Bayesian mutation landscape (BML)14 is a probability network to reconstruct ancestral genotypes and the paths of mutation accumulation. Since this method requires more samples than gene mutations, we need to reduce gene number for input. G(i) represented the number of genes with mutation frequency larger than i. In order to make gene number approach to sample size N, we adjusted the threshold i of G(i) which satisfied (1) G(i) ≥ N and (2) G(i + 1) < N. We used GeneOverlap package30 in R to evaluate the overlap degree between two evolution maps of G(i) and G(i + 1) using sample size 30, 60 and 100. We generated 10 times random sampling for each sample size and all of them had a p-values less than 0.05 which means significant similarity. In order to make use of more priori knowledge, we analyzed mutation data by pathological stages (Supplementary Fig. 3). Although the best way to reduce tumor heterogeneity is to use mutation data in different stages of same patient, BML aiming at an efficient data structure to recapitulate the likely sequence of somatic mutation, there is no need to imply hierarchical order of mutations. So we can assume different patients in different stages share the same evolution trunk. Since the data size was stage unequal, we randomly selected 30 samples (with replacement) in each stage for 100 times and built their evolution DAG (Directed Acyclic Graph) using BML algorithm. For stage t, there were Qt edges appeared in the DAG after 100 times bootstrap, and the occurrence frequency for edge i (Nit) were assigned as its weight, top 1% in each stage was defined as main branch. All the edges with weight larger than 3 were listed in Supplementary Table 7. We constructed the whole process DAG by raw data and annotated stage information from bootstrap result. Some high weight (>10) stage-specific edges lost in raw data DAG were also added. Then we built a network by Cytoscape (version 3.4.0) and adjusted its structure by stage order. We defined the genes appeared in the final evolutionary map as trunk genes. Entropy were counted based on both edge and node weights. For edges’ entropy, their occurrence frequency was calculated as:

$${f}_{it}=\frac{{N}_{it}}{100}\,\forall i\in {Q}_{t}$$
(1)

fit could also be regarded as edge occurrence time in a single experiment. The probability of fit was calculated as:

$$\,{p}_{it}=\frac{{f}_{it}}{{\sum }_{i\in {Q}_{t}}{f}_{it}}$$
(2)

We used different weight threshold j to evaluate the entropy of the top edges in each stages,

$${E}_{jt}=-\sum _{i < j,i\in {Q}_{t}}{p}_{it}\,\mathrm{log}\,{p}_{it}$$
(3)

where j threshold occupied percentage were counted as:

$${P}_{jt}=\frac{{E}_{jt}}{{E}_{t}}$$
(4)

It is noteworthy that we merged stage 1 and stage 2 together since we were inclined to observe the differences between early and late stages.

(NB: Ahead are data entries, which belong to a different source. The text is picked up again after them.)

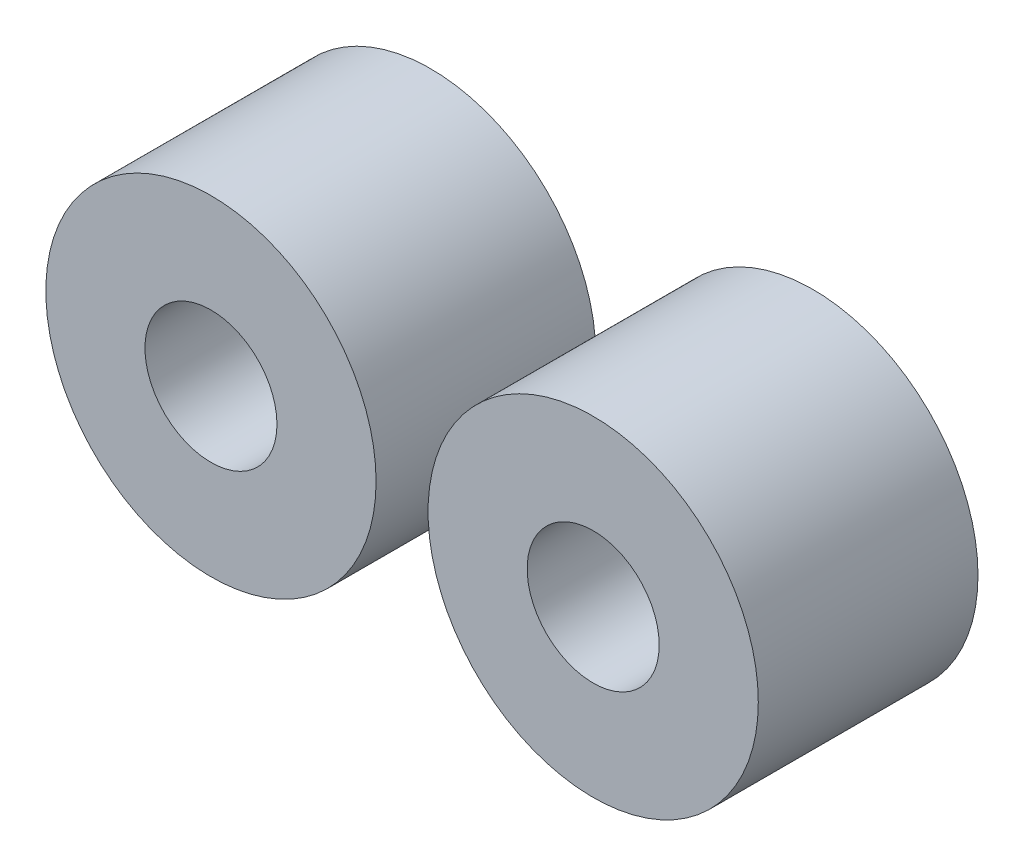
SolidWorks part; units mm, degrees
ref_plane "Płaszczyzna przednia" through (0, 0, 0) normal (0, 0, 1) x (1, 0, 0)
ref_plane "Płaszczyzna górna" through (0, 0, 0) normal (0, 1, 0) x (1, 0, 0)
ref_plane "Płaszczyzna prawa" through (0, 0, 0) normal (1, 0, 0) x (0, 0, -1)
sketch "Szkic1" plane through (0, 0, 0) normal (0, 0, 1) x (1, 0, 0)
  circle A0 centre (0, 0) radius 381
  circle A1 centre (0, 0) radius 953
  circle A2 centre (2206, 0) radius 953
  circle A3 centre (2206, 0) radius 381
  dimension "D1" = 762
  dimension "D2" = 1906
  dimension "D4" = 2206
extrude "Dodanie-wyciągnięcie2" add sketch "Szkic1" along normal blind 1268 contours A2 A3 | A1 A0 region at (-926.0451, 0, 0) region at (1279.9549, 0, 0)
ref_axis "Oś1" through (2206, 0, 1268) along (0, 0, -1)
ref_axis "Oś2" through (0, 0, 1268) along (0, 0, -1)
equation "\"D4@Szkic1\"=\"D2@Szkic1\"+300mm"

$${f}_{i(1+2)}=\frac{{f}_{i1}+{f}_{i2}}{2}$$
(5)

Survival analysis and function enrichment

Survival time used in this paper was the time to death or censor event (patients still alive or lost follow-up at the end of the study). Single factor and multifactor survival analyses were performed using log-rank method37 and cox model with Breslow38 score, respectively. Survival curve was generated by Kaplan-Meier estimator and plotted by R package “survminer”39. WEB-based GEne SeT AnaLysis Toolkit40,41 were used for function enrichment with parameters set as Bonferroni, p < 0.05.